The findings revealed that women are feeling less safe at home as conflicts between adults at home has increased, along with the occurrence or threat of physical violence, or because other women in the household have been hurt.

7 in 10 women think domestic violence has increased during the pandemic.

Women feel less safe in public spaces

Violence against women in public spaces remains a key deterrent to women’s mobility during COVID-19. It limits their access to employment, essential services, and recreational activities. It also negatively impacts their health and well-being.

3 in 5 women think that sexual harassment in public spaces has worsened during COVID-19.

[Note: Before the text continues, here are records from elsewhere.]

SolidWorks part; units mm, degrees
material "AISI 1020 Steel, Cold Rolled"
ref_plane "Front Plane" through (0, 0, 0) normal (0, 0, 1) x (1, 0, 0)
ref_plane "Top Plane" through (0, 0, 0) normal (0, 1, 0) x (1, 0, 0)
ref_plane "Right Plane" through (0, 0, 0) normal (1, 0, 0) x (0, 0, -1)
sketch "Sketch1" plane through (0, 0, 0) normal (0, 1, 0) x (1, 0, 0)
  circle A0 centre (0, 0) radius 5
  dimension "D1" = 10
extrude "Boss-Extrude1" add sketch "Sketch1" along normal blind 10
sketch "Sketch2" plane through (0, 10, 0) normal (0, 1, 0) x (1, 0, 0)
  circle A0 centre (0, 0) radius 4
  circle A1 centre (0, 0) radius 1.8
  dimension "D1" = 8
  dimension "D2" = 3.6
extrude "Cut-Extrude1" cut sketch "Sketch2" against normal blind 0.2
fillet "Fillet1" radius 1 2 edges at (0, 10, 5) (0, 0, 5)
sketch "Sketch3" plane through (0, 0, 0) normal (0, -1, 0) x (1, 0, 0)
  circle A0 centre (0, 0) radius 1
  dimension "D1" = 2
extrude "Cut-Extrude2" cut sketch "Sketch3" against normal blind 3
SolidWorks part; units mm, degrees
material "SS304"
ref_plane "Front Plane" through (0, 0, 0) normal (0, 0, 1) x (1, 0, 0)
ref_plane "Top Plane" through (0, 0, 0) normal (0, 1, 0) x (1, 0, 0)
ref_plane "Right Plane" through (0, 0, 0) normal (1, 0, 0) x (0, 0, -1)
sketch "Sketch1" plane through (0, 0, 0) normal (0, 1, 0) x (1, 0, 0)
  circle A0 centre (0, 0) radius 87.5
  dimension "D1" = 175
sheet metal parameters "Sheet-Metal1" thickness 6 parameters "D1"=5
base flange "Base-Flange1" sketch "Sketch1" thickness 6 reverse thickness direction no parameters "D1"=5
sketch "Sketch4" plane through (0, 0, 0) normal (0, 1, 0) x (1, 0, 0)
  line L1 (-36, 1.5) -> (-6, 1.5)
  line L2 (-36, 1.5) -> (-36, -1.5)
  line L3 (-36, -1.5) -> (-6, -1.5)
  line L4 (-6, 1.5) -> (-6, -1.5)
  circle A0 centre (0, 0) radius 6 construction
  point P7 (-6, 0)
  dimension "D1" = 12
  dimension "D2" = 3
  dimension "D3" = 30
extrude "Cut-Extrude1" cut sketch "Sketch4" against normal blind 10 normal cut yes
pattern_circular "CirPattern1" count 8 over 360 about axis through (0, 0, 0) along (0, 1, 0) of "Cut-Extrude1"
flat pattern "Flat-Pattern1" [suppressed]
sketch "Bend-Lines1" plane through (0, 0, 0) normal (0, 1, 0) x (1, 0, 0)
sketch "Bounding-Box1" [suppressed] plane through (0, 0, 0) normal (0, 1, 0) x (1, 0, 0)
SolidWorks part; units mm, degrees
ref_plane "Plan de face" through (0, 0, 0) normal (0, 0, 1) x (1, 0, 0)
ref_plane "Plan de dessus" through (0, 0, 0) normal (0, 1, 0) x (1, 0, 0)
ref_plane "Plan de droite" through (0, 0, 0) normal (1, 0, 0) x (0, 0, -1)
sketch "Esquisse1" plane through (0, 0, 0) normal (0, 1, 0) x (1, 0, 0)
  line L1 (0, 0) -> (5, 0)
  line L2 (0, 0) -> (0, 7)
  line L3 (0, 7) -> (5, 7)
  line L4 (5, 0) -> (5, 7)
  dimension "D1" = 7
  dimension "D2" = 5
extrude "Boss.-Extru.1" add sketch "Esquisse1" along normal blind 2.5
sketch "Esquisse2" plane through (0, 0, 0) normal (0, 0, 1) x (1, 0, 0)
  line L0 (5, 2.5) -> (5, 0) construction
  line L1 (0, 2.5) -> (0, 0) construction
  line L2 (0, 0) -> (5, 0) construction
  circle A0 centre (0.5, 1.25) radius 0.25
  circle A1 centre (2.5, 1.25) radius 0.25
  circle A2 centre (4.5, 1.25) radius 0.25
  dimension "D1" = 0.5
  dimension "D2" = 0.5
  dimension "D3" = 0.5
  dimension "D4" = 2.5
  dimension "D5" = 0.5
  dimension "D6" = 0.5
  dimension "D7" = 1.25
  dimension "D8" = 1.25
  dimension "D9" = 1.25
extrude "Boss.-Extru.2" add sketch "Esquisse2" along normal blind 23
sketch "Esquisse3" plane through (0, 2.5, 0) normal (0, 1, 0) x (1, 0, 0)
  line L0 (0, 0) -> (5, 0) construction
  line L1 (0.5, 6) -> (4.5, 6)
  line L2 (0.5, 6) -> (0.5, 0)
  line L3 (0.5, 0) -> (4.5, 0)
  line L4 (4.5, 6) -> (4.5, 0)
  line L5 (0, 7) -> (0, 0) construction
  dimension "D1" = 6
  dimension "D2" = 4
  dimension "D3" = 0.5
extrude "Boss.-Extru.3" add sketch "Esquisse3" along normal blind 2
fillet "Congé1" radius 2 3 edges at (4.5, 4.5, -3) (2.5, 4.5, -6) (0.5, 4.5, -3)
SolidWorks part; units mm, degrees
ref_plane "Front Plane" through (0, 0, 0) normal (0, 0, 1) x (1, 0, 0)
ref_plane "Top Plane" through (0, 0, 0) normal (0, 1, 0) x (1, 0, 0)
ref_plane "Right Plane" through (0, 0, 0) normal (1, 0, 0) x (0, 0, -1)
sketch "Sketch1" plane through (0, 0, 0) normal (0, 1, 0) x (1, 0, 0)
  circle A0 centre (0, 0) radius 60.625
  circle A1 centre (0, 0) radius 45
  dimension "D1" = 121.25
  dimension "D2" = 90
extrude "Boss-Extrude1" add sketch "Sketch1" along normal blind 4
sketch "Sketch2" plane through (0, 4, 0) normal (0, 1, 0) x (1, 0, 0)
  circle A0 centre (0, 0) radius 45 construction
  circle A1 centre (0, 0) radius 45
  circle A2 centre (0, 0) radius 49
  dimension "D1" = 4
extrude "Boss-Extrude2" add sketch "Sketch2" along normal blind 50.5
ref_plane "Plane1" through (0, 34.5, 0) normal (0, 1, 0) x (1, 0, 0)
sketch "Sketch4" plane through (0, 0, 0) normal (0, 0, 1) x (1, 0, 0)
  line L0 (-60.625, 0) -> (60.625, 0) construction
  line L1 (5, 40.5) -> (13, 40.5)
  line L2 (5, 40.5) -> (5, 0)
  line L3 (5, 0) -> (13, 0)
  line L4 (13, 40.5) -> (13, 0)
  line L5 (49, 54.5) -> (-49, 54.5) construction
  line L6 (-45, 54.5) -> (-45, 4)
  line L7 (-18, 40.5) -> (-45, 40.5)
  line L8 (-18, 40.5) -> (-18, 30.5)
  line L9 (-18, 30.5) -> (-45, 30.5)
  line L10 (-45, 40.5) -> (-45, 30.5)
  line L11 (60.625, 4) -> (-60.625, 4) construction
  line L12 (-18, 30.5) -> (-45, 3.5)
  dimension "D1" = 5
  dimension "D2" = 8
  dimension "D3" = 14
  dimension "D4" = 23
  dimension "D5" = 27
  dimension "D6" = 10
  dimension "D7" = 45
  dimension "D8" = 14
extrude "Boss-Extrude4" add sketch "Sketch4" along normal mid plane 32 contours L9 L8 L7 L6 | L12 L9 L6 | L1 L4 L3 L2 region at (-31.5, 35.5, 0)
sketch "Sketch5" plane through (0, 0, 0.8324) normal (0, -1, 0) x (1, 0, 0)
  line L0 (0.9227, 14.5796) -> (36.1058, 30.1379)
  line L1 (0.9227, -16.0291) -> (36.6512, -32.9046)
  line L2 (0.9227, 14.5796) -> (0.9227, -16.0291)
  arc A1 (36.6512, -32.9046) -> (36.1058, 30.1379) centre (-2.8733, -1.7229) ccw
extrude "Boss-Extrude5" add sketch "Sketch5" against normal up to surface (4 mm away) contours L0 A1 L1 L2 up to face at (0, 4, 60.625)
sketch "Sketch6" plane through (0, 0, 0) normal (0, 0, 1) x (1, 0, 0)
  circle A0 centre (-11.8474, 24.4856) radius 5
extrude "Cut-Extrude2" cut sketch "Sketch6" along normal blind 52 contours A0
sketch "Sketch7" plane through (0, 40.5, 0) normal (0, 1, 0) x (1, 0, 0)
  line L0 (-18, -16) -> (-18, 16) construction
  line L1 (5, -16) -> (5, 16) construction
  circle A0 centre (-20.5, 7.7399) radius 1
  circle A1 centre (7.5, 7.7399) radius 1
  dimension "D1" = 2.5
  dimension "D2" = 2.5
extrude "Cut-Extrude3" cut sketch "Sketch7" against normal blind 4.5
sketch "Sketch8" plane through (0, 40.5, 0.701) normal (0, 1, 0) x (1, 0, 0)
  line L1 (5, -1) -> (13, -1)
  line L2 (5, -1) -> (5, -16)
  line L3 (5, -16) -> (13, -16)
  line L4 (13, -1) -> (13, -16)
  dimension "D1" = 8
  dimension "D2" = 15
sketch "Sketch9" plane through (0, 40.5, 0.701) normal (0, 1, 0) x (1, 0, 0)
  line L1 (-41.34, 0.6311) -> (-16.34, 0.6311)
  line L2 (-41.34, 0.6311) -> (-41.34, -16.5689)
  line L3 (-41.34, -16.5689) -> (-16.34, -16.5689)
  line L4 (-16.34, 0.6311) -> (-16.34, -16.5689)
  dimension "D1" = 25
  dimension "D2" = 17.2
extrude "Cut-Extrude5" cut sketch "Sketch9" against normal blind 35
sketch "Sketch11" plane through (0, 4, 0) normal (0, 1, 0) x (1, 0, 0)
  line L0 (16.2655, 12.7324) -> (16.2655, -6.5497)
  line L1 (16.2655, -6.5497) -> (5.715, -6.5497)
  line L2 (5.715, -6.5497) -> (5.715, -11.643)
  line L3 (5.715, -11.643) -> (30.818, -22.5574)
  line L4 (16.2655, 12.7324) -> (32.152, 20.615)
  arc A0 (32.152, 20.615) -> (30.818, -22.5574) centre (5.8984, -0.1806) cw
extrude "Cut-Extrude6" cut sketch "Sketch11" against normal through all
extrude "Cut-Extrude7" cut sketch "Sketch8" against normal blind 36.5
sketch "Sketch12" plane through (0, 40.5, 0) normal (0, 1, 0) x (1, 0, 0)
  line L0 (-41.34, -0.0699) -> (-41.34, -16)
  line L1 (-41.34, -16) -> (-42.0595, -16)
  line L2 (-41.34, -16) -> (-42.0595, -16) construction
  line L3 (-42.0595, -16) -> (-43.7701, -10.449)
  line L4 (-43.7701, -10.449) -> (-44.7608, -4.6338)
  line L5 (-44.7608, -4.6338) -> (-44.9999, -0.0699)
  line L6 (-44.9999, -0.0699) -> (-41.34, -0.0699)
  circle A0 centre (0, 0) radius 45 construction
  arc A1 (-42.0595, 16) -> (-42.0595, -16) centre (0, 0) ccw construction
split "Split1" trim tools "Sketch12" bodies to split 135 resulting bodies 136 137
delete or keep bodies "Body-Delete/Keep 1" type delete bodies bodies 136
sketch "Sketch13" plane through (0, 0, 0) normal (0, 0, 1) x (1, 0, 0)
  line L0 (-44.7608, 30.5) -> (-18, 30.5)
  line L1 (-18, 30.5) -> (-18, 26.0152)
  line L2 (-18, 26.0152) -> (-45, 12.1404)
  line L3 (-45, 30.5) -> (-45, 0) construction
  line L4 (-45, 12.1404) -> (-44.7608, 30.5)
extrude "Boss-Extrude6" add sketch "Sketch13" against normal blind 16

Women are reluctant to seek help outside the family

For violence that occurs within the home, most women tend to seek help from family than from the authorities, but more women seek help from police when it comes to sexual harassment in public spaces.

Most women (4 in 5) reported that they would reach out for help if they were subject to domestic violence. But only 11% thought women would go to police.

Violence against women during COVID-19 is linked to other negative outcomes

58% Food Insecurity

Women who experienced or know other women who experienced violence since COVID-19, were more likely to be food insecure.

2 in 5 women said that COVID-19 has worsened their overall mental and emotional health.

Women who experienced or know women who experienced violence since COVID-19 were 1.3 times as likely to report increased mental and emotional stress as women who did not.